No sábado ou domingo, chegaram uns amigos de Imperatriz -Iuri, Alcindo e Frabrício - com destino a uma aldeia das cercanias. Eles iam brincar de índio, mas antes passaram pela residência de moá. Convidei-os então para um programa de branco: comer carne assada numa churrasqueira elétrica, na cozinha da delegacia, um cômodo anexo à carceragem, na companhia dos PMs e de outros colegas da DP. Senti-me estranho: a gente se esbaldando com cada pedação de carne entre os dentes e os presos, coitados, só sentindo o cheiro. Terminado o churrasco, retornamos para a Casa Caju de Janeiro - é este o nome do nosso apê, inscrito em letras garrafais um pouco acima da porta - e tiramos aquela boa e velha soneca sob os 38 graus Celsius amarantinos. Mas os caras tinham que seguir pra aldeia. Na despedida, desejei boa viagem pra todos. Quando eles tavam saindo, entretanto, disse baixinho pra mim mesmo: “Vão simbora, bando de carniça”. E quando eles já tinham desaparecido, um PM me perguntou se o Fabrício tava com gripe suína. Eu disse que sim. Tava sim.


* Itálico

Depois
Itálico
O que é que eu to fazendo da minha vida? Embarquei pensando nisso no Pajero do Dr Eliesio – advogado conhecido vulgarmente por Pescoço Duro - enquanto ouvia umas musiquinhas alegres que tocavam sem parar na FM do meu músculo bombeador de sangue. O quê? Abotoei o cinto de segurança, minha perna esquerda não doía sobre o banco de couro confortável do carrão e eu nem lembrei de Darcy Ribeiro, de prefácio, dO Povo Brasileiro, de vendaval, de nada. É que eu tava voltando numa aconchegante carona pra Imperatriz do Maranhão.

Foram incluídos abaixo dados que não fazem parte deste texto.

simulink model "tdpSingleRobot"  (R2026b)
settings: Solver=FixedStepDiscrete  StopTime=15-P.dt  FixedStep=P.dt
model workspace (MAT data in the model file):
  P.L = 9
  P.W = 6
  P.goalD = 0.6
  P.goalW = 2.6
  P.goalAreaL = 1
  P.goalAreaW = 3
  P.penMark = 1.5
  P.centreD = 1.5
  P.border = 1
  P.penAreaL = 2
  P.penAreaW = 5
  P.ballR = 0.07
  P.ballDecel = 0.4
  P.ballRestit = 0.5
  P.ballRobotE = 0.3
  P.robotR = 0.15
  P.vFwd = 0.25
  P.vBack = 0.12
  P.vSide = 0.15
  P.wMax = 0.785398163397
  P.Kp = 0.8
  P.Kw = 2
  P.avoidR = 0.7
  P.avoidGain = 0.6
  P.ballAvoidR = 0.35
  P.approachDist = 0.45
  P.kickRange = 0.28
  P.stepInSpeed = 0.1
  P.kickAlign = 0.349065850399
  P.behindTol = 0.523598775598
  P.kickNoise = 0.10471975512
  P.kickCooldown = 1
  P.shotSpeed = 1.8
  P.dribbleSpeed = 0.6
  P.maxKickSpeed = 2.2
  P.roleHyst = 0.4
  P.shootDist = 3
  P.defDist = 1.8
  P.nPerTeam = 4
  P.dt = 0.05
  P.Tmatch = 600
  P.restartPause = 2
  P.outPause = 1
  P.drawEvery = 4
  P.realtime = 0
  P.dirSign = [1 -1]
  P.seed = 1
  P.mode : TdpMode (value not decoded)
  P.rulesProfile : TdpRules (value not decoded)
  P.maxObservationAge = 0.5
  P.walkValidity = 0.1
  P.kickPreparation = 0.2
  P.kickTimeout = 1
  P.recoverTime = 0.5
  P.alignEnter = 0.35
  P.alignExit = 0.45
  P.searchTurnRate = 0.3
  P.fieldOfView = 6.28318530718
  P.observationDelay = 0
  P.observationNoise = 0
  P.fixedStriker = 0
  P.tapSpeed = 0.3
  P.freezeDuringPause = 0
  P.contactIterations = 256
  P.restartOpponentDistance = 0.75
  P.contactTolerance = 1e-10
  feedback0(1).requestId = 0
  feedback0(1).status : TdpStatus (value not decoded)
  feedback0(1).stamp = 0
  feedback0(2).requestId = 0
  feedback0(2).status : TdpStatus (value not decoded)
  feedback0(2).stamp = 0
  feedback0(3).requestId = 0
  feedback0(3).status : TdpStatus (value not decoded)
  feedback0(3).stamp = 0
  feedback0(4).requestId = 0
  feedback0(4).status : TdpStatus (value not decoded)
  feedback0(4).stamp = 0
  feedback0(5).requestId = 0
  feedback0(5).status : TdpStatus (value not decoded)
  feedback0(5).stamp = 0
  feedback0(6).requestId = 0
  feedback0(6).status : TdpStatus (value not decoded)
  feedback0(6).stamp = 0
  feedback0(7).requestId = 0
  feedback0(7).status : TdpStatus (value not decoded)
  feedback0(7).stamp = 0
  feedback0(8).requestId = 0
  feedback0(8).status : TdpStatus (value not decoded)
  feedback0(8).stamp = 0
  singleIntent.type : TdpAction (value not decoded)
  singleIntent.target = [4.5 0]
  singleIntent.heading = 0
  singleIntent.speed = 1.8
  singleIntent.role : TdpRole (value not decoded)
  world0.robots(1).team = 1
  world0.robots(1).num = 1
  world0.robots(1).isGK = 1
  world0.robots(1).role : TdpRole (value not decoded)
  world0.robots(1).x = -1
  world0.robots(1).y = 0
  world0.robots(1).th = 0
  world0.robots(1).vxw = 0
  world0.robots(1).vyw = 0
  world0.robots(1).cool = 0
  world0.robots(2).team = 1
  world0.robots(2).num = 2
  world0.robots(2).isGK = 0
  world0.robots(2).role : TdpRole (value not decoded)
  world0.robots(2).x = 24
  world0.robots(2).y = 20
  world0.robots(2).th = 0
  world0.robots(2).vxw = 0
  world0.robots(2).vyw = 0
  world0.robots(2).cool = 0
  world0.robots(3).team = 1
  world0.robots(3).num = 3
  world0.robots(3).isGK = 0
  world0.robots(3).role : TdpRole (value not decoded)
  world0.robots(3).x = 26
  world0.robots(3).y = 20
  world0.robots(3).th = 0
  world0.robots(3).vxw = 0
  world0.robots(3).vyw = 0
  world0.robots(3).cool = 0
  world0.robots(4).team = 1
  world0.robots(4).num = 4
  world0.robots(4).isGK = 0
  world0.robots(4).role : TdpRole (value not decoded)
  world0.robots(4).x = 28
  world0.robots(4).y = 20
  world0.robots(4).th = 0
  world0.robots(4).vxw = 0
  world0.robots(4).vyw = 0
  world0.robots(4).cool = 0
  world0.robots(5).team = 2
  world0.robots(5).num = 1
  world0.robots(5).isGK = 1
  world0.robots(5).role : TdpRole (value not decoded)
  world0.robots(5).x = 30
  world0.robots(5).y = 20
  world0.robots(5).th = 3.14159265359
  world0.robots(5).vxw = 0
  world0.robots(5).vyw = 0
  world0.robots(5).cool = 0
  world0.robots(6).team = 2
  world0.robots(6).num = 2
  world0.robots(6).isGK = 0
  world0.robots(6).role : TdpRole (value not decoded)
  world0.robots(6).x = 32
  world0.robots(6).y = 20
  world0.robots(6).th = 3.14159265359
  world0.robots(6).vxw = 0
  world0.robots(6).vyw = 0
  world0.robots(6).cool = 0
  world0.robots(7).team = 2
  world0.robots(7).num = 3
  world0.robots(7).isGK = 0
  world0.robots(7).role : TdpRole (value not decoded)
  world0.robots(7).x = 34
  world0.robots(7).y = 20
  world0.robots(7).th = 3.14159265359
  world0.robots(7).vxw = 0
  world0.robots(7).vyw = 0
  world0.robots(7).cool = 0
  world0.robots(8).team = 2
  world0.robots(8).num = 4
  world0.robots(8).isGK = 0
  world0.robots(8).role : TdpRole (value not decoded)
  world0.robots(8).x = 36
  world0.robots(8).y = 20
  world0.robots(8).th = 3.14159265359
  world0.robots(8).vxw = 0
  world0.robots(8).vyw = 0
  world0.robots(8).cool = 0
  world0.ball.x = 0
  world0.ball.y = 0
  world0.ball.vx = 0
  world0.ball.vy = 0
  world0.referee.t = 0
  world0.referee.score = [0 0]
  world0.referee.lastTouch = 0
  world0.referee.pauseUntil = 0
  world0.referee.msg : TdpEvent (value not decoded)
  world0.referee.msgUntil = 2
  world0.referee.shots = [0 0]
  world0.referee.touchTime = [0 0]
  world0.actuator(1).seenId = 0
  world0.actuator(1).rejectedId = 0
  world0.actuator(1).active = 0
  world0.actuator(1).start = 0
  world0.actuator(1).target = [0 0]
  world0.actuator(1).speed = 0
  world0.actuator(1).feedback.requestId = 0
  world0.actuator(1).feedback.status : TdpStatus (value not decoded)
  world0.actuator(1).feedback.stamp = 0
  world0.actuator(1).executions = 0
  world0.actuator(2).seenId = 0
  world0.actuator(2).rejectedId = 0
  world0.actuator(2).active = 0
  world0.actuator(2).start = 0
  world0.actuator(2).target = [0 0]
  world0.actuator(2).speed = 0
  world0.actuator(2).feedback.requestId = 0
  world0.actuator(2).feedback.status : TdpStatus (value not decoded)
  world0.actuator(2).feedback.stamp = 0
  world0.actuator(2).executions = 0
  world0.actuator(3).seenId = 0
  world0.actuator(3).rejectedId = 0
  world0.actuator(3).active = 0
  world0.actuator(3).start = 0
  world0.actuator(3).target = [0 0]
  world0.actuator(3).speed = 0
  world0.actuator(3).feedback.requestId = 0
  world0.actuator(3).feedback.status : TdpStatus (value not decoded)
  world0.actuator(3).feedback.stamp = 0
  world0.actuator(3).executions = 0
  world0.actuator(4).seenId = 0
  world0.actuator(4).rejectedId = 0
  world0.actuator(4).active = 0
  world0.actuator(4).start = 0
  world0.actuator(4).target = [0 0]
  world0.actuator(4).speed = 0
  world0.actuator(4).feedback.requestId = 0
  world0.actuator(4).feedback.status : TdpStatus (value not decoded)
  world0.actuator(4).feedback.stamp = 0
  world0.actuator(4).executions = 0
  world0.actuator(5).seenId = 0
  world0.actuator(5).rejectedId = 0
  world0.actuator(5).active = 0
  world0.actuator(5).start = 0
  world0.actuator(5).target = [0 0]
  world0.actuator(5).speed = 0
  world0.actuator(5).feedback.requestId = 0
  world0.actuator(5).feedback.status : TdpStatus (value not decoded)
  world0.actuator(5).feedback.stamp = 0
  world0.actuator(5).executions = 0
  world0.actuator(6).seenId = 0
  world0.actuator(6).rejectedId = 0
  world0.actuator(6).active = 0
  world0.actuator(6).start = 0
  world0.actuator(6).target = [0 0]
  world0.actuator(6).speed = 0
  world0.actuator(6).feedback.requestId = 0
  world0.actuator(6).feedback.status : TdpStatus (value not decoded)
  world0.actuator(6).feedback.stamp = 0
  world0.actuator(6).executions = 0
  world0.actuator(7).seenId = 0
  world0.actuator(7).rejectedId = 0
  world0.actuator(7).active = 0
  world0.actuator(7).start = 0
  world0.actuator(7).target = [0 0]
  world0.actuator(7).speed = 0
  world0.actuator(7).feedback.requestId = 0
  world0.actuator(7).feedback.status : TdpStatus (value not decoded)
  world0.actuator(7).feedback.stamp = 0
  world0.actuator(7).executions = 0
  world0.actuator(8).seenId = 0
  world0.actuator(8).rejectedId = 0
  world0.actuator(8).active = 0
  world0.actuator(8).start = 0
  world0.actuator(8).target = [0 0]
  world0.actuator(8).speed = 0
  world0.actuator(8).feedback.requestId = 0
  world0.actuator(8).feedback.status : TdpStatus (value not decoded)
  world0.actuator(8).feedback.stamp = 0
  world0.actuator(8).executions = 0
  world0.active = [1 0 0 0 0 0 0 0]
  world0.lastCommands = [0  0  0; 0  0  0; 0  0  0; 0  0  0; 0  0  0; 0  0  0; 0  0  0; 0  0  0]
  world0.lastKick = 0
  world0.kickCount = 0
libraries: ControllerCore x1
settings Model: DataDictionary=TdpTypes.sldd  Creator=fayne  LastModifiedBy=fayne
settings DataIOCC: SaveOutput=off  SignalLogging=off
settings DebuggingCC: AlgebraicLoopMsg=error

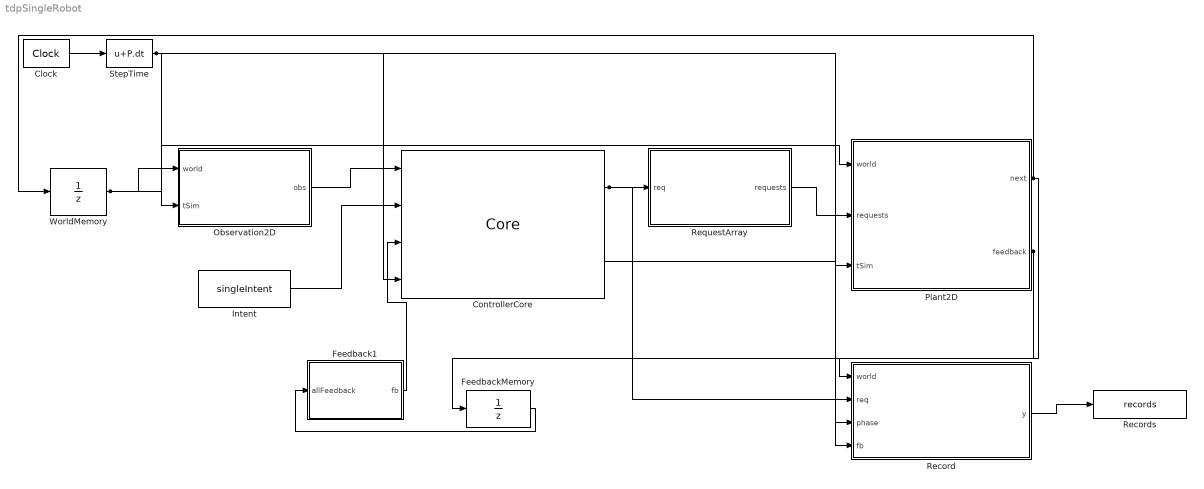
== system tdpSingleRobot ==
  Clock : DigitalClock  SampleTime=P.dt
  ControllerCore : ControllerCore/Core  SystemSampleTime=-1  VariantActivationTime=update diagram  EmptyChoice=off  PassThrough=off  PassThroughVariantControl=(default)  EmptyChoiceVariantControl=(default)  AllowFlexibleInterface=on  Latency=0  AutoFrameSizeCalculation=off
  Feedback1 : MATLAB Function  TreatAsAtomicUnit=on
  FeedbackMemory : UnitDelay  InitialCondition=feedback0  SampleTime=P.dt
  Intent : Constant  Value=singleIntent  OutDataTypeStr=Bus: IntentBus
  Observation2D : MATLAB Function  TreatAsAtomicUnit=on
  Plant2D : MATLAB Function  TreatAsAtomicUnit=on
  Record : MATLAB Function  TreatAsAtomicUnit=on
  Records : ToWorkspace  VariableName=records  SampleTime=-1
  RequestArray : MATLAB Function  TreatAsAtomicUnit=on
  StepTime : Bias  Bias=P.dt  SaturateOnIntegerOverflow=off
  WorldMemory : UnitDelay  InitialCondition=world0  SampleTime=P.dt
  wires:
  Clock/1 -> StepTime/1
  WorldMemory/1 -> Observation2D/1(world), Plant2D/1(world)
  StepTime/1 -> Observation2D/2(tSim), ControllerCore/4, Plant2D/3(tSim)
  Observation2D/1(obs) -> ControllerCore/1
  Intent/1 -> ControllerCore/2
  FeedbackMemory/1 -> Feedback1/1(allFeedback)
  Feedback1/1(fb) -> ControllerCore/3
  ControllerCore/1 -> RequestArray/1(req), Record/2(req)
  RequestArray/1(requests) -> Plant2D/2(requests)
  Plant2D/1(next) -> WorldMemory/1, Record/1(world)
  Plant2D/2(feedback) -> FeedbackMemory/1, Record/4(fb)
  ControllerCore/2 -> Record/3(phase)
  Record/1(y) -> Records/1

== matlab function tdpSingleRobot/Feedback1 ==
  data: allFeedback input Bus: FeedbackBus size=[1 8]; fb output Bus: FeedbackBus
function fb=f(allFeedback)
fb=allFeedback(1);
end

== matlab function tdpSingleRobot/Observation2D ==
  data: world input Bus: WorldBus; obs output Bus: ObservationBus; tSim input; P parameter
function obs=f(world,tSim,P)
obs=Observation2D(world,1,tSim,P);
end

== matlab function tdpSingleRobot/RequestArray ==
  data: req input Bus: RequestBus; requests output Bus: RequestBus size=[1 8]
function requests=f(req)
requests=repmat(req,1,8);
for i=2:8,requests(i).kind=TdpAction.Stop;requests(i).velocity=[0 0 0];end
end

== matlab function tdpSingleRobot/Plant2D ==
  data: world input Bus: WorldBus; next output Bus: WorldBus; requests input Bus: RequestBus size=[1 8]; tSim input; feedback output Bus: FeedbackBus size=[1 8]; P parameter
function [next,feedback]=f(world,requests,tSim,P)
[next,feedback]=Plant2D(world,requests,tSim,P);
end

== matlab function tdpSingleRobot/Record ==
  data: world input Bus: WorldBus; y output; req input Bus: RequestBus; phase input Enum: TdpPhase; fb input Bus: FeedbackBus
function y=f(world,req,phase,fb)
r=world.robots(1);b=world.ball;
y=[r.x r.y r.th b.x b.y b.vx b.vy double(world.kickCount) double(req.kind) double(req.requestId) double(phase) double(fb(1).status) double(fb(1).requestId) double(world.actuator(1).executions)];
end

quarta-feira, 2 de setembro de 2009

ENQUANTO A CHUVA DE GRANIZO NÃO VEM

Dentro do quarto, girando negativamente a cabeça em cima da cadeira, o ventilador é o sopro quente de um secador de cabelo. Tudo parece está pegando fogo: o travesseiro debaixo do pescoço, as roupas no varal, a impaciência do papagaio da vizinha. Se ao menos alguns aviões similares àqueles que combatem incêndio nos EUA sobrevoassem a minha casa despejando tempestades de quando em quando. Se ao menos as lojas de departamentos vendessem macacões de Fórmula 1 revestidos com cubos de gelo especialmente fabricados para esta época do ano. Se ao menos as noites não fossem tão quentes quanto os dias. Se ao menos se. Mas não. Não de não conseguir dormir ou permanecer acordado sossegado. Não de não ter tino para a leitura de um simples jornal. Não de não suportar o excesso de suor descendo pela testa, pelo pescoço, pelo peito. Talvez os teóricos do Determinismo Geográfico tenham lá alguma razão. E esse calor sem fim funda mesmo o nosso juízo. A ponto de forjar a possibilidade de mudar a cama do quarto para dentro da caixa d'água do quintal. Ou de querer entrar na HQ Arzach e só sair de lá quando estiver montado no pterodáctilo fossilizado de Moebius para sobrevoar este inferno. Ou - contrariando teorias e teóricos - ir descalço pro meio da BR 010 e ensaiar moomwalker entre o vai e vem dos caminhões até sentir-se apto para caminhar sobre brasas.

*

P.S.: A partir de hoje, este Hotel passará um tempo fechado. É que domingo viajo para Amarante (terra em que, graças a Deus, não há internet nem telefone celular). Se tudo der certo, trabalherei duas semanas por lá e no dia 22 estarei de volta. Aí reabro este estabelecimento. Então é. Deu pra mim. Vou pra Amarante. Tchal.